Quand le jour fait place à la nuit et que la lueur de la lune et des étoiles remplace celle du soleil, les femmes algéroises animaient leurs longues soirées par des retrouvailles organisées au cours desquelles elles savouraient la présence d’une dame âgée en l’écoutant raconter avec un art que seules les vieilles personnes possèdent les histoire des prophètes ou des contes des rois ou des «djenounes» (pluriel de djin). Tout cela autour d’une «skimpla» (table basse) garnie de thé et de différentes gourmandises (fruit secs, «halaouet El-Tork», figues séchées, etc.)
Parfois, la veille du mercredi, vendredi ou dimanche, les jours dédiés aux fumigations, elles organisaient le mystérieux jeu de bouqala, censé leur prédire l’avenir.
Le mot «bouqala» désigne un vase d’argile en forme de coupe au pied large. Ce récipient constitue l’objet principal du jeu.
En effet, on apporte une bouqala qu’on remplit d’eau et dans laquelle on jette un bijou en argent (bague ou bracelet) dans le but d’y attirer un djin. Après quoi, on la fait passer aux femmes désireuses de participer au jeu afin que chacune d’elle y dépose sa fève marquée de façon spécifique à elle pour l’identifier lors du tirage au sort.
Enfin, on couvre la bouqala avec la « chéchia » d’une jeune fille dans laquelle on procède aux fumigations faites à base de benjoin, de henné, de quelques gouttes d’huile d’olive, des effilures de vêtement d’une femme sans mari et de petits bouts de bois prélevés de sept portes différentes, tout en prononçant à l’adresse du djin l’incantation que voici : «Nous t’avons fait des fumigations de benjoin, apportes-nous de bonnes nouvelles des cafés, nous t’avons fait des fumigations de henné, apporte-nous de bonnes nouvelles de Mazghana (ancien nom d’Alger), nous t’avons fait des fumigations avec les effilures de la femme sans mari, apporte-nous de bonnes nouvelles de chez les hommes, nous t’avons fait des fumigations de l’huile, apporte-nous de bonnes nouvelles de chaque habitation, nous t’avons fait des fumigations avec des bouts de bois, apporte-nous de bonnes nouvelles de chez les pèlerins». Dès lors, on dépose la bouqala par terre et une femme commence à réciter les bouqalates (pluriel de bouqala), elles consistent en de petits poèmes porteurs de bons ou de mauvais présages.

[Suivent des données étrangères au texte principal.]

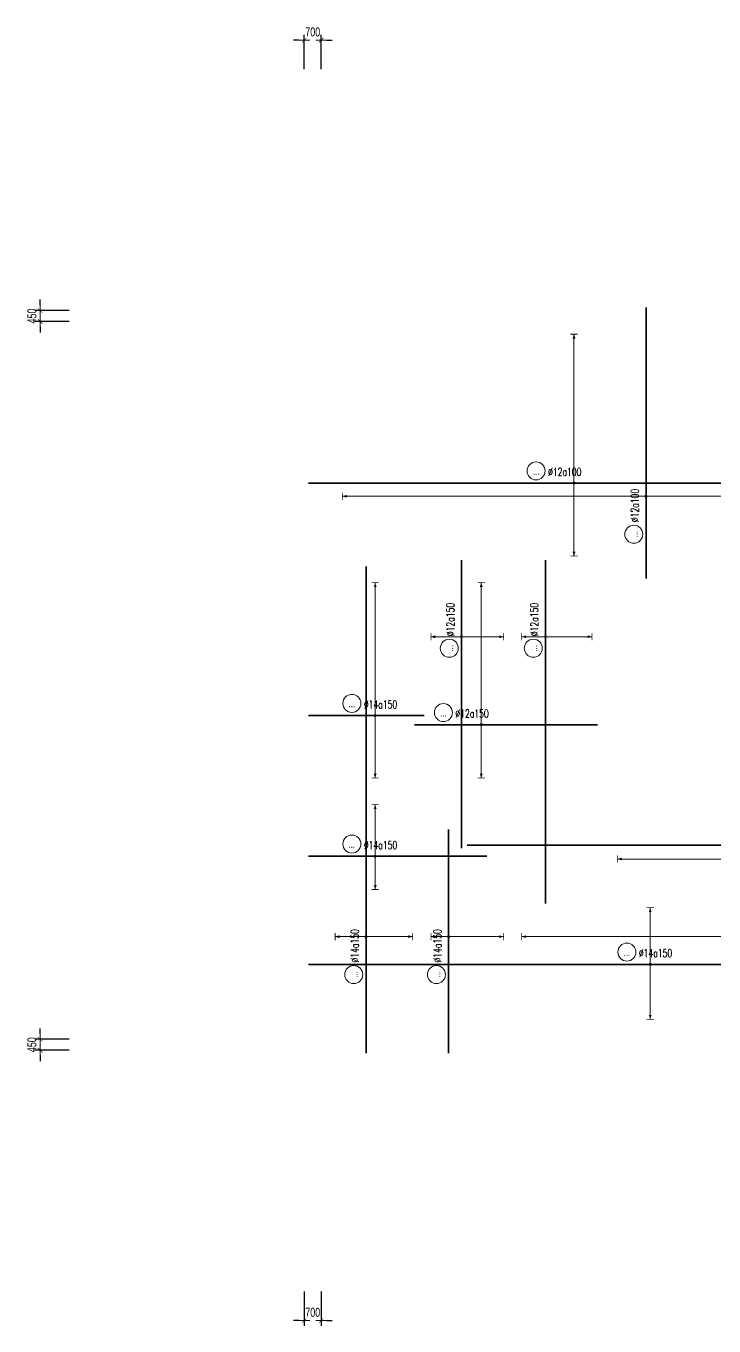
# Model space of a CAD drawing. Header units: millimetres. Extents: x 118516 to 587758, y -25561 to 50684.
# Drawn here: x 118516 to 146910, y -2925 to 50684 of the extents above; entities that cross this region are included whole.
import ezdxf
from ezdxf.enums import TextEntityAlignment as Align

# ---------------------------------------------------------------- set-up
doc = ezdxf.new("R2010")
doc.units = ezdxf.units.MM
doc.layers.get('0').update_dxf_attribs({"lineweight": 20})
doc.layers.get('Defpoints').update_dxf_attribs({"color": 151, "lineweight": 9})
for name, color, linetype, lineweight in [('NDC_S_DIM', 1, 'Continuous', 15), ('NDC_S_REBAR', 4, 'Continuous', 35), ('NDC_S_VN TEXT', 7, 'Continuous', 20)]:
    doc.layers.add(name, color=color, linetype=linetype, lineweight=lineweight)
doc.styles.add('ARIAL', font='arial.ttf', dxfattribs={"width": 0.7})
doc.styles.add('NDC_DIM', font='', dxfattribs={"width": 0.75})
doc.styles.add('NDC_ROMANS', font='romans.shx', dxfattribs={"width": 0.7})
doc.styles.get('NDC_DIM').set_extended_font_data('Dotum')
doc.dimstyles.new('NDC_dim_150', dxfattribs={"dimscale": 150, "dimtxt": 2.5, "dimasz": 1.5, "dimexe": 1.5, "dimexo": 2.5, "dimgap": 1, "dimtad": 1, "dimdec": 0, "dimzin": 0, "dimdsep": 46, "dimtxsty": 'NDC_DIM', "dimblk": 'DIMMARK', "dimcen": 0.09, "dimdle": 1.2, "dimclrd": 1, "dimclre": 1, "dimclrt": 3, "dimadec": 0, "dimazin": 0, "dimtfac": 1, "dimtdec": 0, "dimtix": 1, "dimtofl": 0, "dimtmove": 0, "dimatfit": 3, "dimfxl": 8, "dimfxlon": 1, "dimtolj": 1, "dimtzin": 0, "dimarcsym": 0})

# ---------------------------------------------------------------- blocks, each defined once
blk = doc.blocks.new('DIMMARK')
at = {"layer": 'NDC_S_DIM', "color": 1}
blk.add_line((-1.5, 0), (1, 0), dxfattribs=at)
at = {"layer": 'NDC_S_DIM', "color": 2, "const_width": 0.1}
blk.add_lwpolyline([(-0.42, -0.42), (0.42, 0.42)], dxfattribs=at)
blk = doc.blocks.new('*D9')
at = {"layer": 'Defpoints', "color": 0, "ltscale": 100, "transparency": 16777216}
for p in [(119100, 8900), (135324, 8900), (135324, 8450)]:
    blk.add_point(p, dxfattribs=at)
at = {"layer": 'NDC_S_DIM', "color": 1, "lineweight": -2, "ltscale": 100, "transparency": 16777216}
for p, q in [((119100, 9125), (119100, 9350)), ((120300, 8900), (118875, 8900)), ((120300, 8450), (118875, 8450)), ((119100, 8225), (119100, 8000))]:
    blk.add_line(p, q, dxfattribs=at)
at = {"layer": 'NDC_S_DIM', "color": 1, "lineweight": -2, "ltscale": 100, "transparency": 16777216, "xscale": 225, "yscale": 225, "zscale": 225}
for p, rotation in [((119100, 8900), 270), ((119100, 8450), 90)]:
    blk.add_blockref('DIMMARK', p, dxfattribs=dict(at, rotation=rotation))
at = {"layer": 'NDC_S_DIM', "color": 3, "ltscale": 100, "transparency": 16777216, "insert": (118762, 8675), "char_height": 375, "attachment_point": 5, "rotation": 90, "style": 'NDC_DIM'}
blk.add_mtext('\\A1;450', dxfattribs=at)
blk = doc.blocks.new('*D10')
at = {"layer": 'Defpoints', "color": 0, "ltscale": 100, "transparency": 16777216}
for p in [(135402, 38950), (119100, 38500), (135402, 38500)]:
    blk.add_point(p, dxfattribs=at)
at = {"layer": 'NDC_S_DIM', "color": 1, "lineweight": -2, "ltscale": 100, "transparency": 16777216}
for p, q in [((119100, 39175), (119100, 39400)), ((120300, 38950), (118875, 38950)), ((120300, 38500), (118875, 38500)), ((119100, 38275), (119100, 38050))]:
    blk.add_line(p, q, dxfattribs=at)
at = {"layer": 'NDC_S_DIM', "color": 1, "lineweight": -2, "ltscale": 100, "transparency": 16777216, "xscale": 225, "yscale": 225, "zscale": 225}
for p, rotation in [((119100, 38950), 270), ((119100, 38500), 90)]:
    blk.add_blockref('DIMMARK', p, dxfattribs=dict(at, rotation=rotation))
at = {"layer": 'NDC_S_DIM', "color": 3, "ltscale": 100, "transparency": 16777216, "insert": (118762, 38725), "char_height": 375, "attachment_point": 5, "rotation": 90, "style": 'NDC_DIM'}
blk.add_mtext('\\A1;450', dxfattribs=at)
blk = doc.blocks.new('*D13')
at = {"layer": 'Defpoints', "color": 0, "ltscale": 100, "transparency": 16777216}
for p in [(130700, 50100), (130000, 33473), (130700, 33473)]:
    blk.add_point(p, dxfattribs=at)
at = {"layer": 'NDC_S_DIM', "color": 1, "lineweight": -2, "ltscale": 100, "transparency": 16777216}
for p, q in [((129775, 50100), (129550, 50100)), ((130000, 48900), (130000, 50325)), ((130700, 48900), (130700, 50325)), ((130925, 50100), (131150, 50100))]:
    blk.add_line(p, q, dxfattribs=at)
at = {"layer": 'NDC_S_DIM', "color": 1, "lineweight": -2, "ltscale": 100, "transparency": 16777216, "xscale": 225, "yscale": 225, "zscale": 225}
blk.add_blockref('DIMMARK', (130000, 50100), dxfattribs=at)
at = {"layer": 'NDC_S_DIM', "color": 1, "lineweight": -2, "ltscale": 100, "transparency": 16777216, "xscale": 225, "yscale": 225, "zscale": 225, "rotation": 180}
blk.add_blockref('DIMMARK', (130700, 50100), dxfattribs=at)
at = {"layer": 'NDC_S_DIM', "color": 3, "ltscale": 100, "transparency": 16777216, "insert": (130350, 50438), "char_height": 375, "attachment_point": 5, "style": 'NDC_DIM'}
blk.add_mtext('\\A1;700', dxfattribs=at)
blk = doc.blocks.new('*D15')
at = {"layer": 'Defpoints', "color": 0, "ltscale": 100, "transparency": 16777216}
for p in [(130000, 14051), (130700, 14051), (130700, -2700)]:
    blk.add_point(p, dxfattribs=at)
at = {"layer": 'NDC_S_DIM', "color": 1, "lineweight": -2, "ltscale": 100, "transparency": 16777216}
for p, q in [((130000, -1500), (130000, -2925)), ((130700, -1500), (130700, -2925)), ((129775, -2700), (129550, -2700)), ((130925, -2700), (131150, -2700))]:
    blk.add_line(p, q, dxfattribs=at)
at = {"layer": 'NDC_S_DIM', "color": 1, "lineweight": -2, "ltscale": 100, "transparency": 16777216, "xscale": 225, "yscale": 225, "zscale": 225}
blk.add_blockref('DIMMARK', (130000, -2700), dxfattribs=at)
at = {"layer": 'NDC_S_DIM', "color": 1, "lineweight": -2, "ltscale": 100, "transparency": 16777216, "xscale": 225, "yscale": 225, "zscale": 225, "rotation": 180}
blk.add_blockref('DIMMARK', (130700, -2700), dxfattribs=at)
at = {"layer": 'NDC_S_DIM', "color": 3, "ltscale": 100, "transparency": 16777216, "insert": (130350, -2362), "char_height": 375, "attachment_point": 5, "style": 'NDC_DIM'}
blk.add_mtext('\\A1;700', dxfattribs=at)
blk = doc.blocks.new('*U113')
h = blk.add_hatch(color=6)
edge = h.paths.add_edge_path()
edge.add_arc((4.81, 0), 0.3, 0, 360)
at = {"layer": 'NDC_S_DIM', "color": 6}
for q in [(4.81, 39.04), (4.81, -14.63)]:
    blk.add_line((4.81, 0), q, dxfattribs=at)
for points in [[(3.81, 39.04, 0.2, 0.2, 0), (5.81, 39.04, 0, 0, 0)], [(3.81, -14.63, 0.2, 0.2, 0), (5.81, -14.63, 0, 0, 0)]]:
    blk.add_lwpolyline(points, format="xyseb", dxfattribs=at)
at = {"layer": 'NDC_S_DIM'}
blk.add_circle((-5.62, 3.36), 2.48, dxfattribs=at)
at = {"layer": 'NDC_S_DIM', "color": 6}
blk.add_circle((4.81, 0), 0.3, dxfattribs=at)
for points in [[(4.41, 37.84), (4.81, 39.04), (5.21, 37.84)], [(4.41, -13.43), (4.81, -14.63), (5.21, -13.43)]]:
    blk.add_solid(points, dxfattribs=at)
at = {"layer": 'NDC_S_REBAR'}
for p, q in [((0, 0), (-13.56, 0)), ((-13.56, 0), (-13.56, 0)), ((0, 0), (36.77, 0)), ((36.77, 0), (36.77, 0)), ((36.77, 0), (36.77, 0)), ((-13.56, 0), (-13.56, 0))]:
    blk.add_line(p, q, dxfattribs=at)
at = {"layer": 'NDC_S_VN TEXT', "style": 'ARIAL', "width": 0.7}
blk.add_attdef('KHT', text='', height=2.2, dxfattribs=at).set_placement((-5.62, 3.36), align=Align.MIDDLE_CENTER)
at = {"layer": 'NDC_S_VN TEXT', "color": 3, "style": 'NDC_ROMANS', "width": 0.7}
blk.add_attdef('DKT', (-2.32, 1.98), '', height=2.2, dxfattribs=at)
blk = doc.blocks.new('*U111')
h = blk.add_hatch(color=6)
edge = h.paths.add_edge_path()
edge.add_arc((-2.83, 0), 0.3, 0, 360)
at = {"layer": 'NDC_S_DIM', "color": 6}
for q in [(-2.83, 6.54), (-2.83, -12.79)]:
    blk.add_line((-2.83, 0), q, dxfattribs=at)
for points in [[(-3.83, 6.54, 0.2, 0.2, 0), (-1.83, 6.54, 0, 0, 0)], [(-3.83, -12.79, 0.2, 0.2, 0), (-1.83, -12.79, 0, 0, 0)]]:
    blk.add_lwpolyline(points, format="xyseb", dxfattribs=at)
at = {"layer": 'NDC_S_DIM'}
blk.add_circle((-5.98, 3.36), 2.48, dxfattribs=at)
at = {"layer": 'NDC_S_DIM', "color": 6}
blk.add_circle((-2.83, 0), 0.3, dxfattribs=at)
for points in [[(-3.23, 5.34), (-2.83, 6.54), (-2.43, 5.34)], [(-3.23, -11.59), (-2.83, -12.79), (-2.43, -11.59)]]:
    blk.add_solid(points, dxfattribs=at)
at = {"layer": 'NDC_S_REBAR'}
for p, q in [((0, 0), (-76.15, 0)), ((-76.15, 0), (-76.15, 0)), ((0, 0), (18.19, 0)), ((18.19, 0), (18.19, 0)), ((18.19, 0), (18.19, 0)), ((-76.15, 0), (-76.15, 0))]:
    blk.add_line(p, q, dxfattribs=at)
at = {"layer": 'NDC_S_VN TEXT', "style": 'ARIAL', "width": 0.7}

Avant chaque récitation de bouqala, chaque assistante noue son mouchoir ou son foulard ou même sa ceinture matérialisant ainsi sa pensée pour l’absent auquel elle dédie la bouqala et écoute attentivement la récitation de celle-ci. Sitôt finie, une jeune fille vierge retire au hasard une fève du récipient et désigne de cette façon la femme concernée par la bouqala et toutes les autres interprètent, tour à tour, le présage tel qu’elle l’entendent. Puis, on remet la fève dans le récipient et on répète l’opération plusieurs fois.
Le jeu fini, l’eau de la bouqala est jetée soit sur la terrasse soit dans la rue, au milieu de la nuit quand il n’y a plus de circulation.
Si une femme veut voir dans le rêve si un vœu à elle doit se réaliser, elle met une gorgée de cette eau dans la bouche qu’elle crache après la formulation intérieure de son vœu et elle devra voir des signes pendant son sommeil lui révélant si oui ou non il sera exaucé. Si par exemple, elle désire se marier, elle entendra des youyous dans son rêve.
Ce jeu de société existe encore de nos jours mais sous une forme beaucoup moins protocolaire. Il reste toujours apprécié pour son côté mystérieux et poétique.
Un exemple de bouqala : «J’ai poussé des deux mains la porte du jardin, la fleur d’oranger est venue m’ouvrir, la rose m’a embrassée, quant au noble jasmin, il n’a pas voulu se séparer de moi, que soit exalté le nom de celui qui a fait sa noblesse et sa gloire, il est éclatant de blancheur et ses cinq doigts le mettent à l’abri de tous ses ennemis.»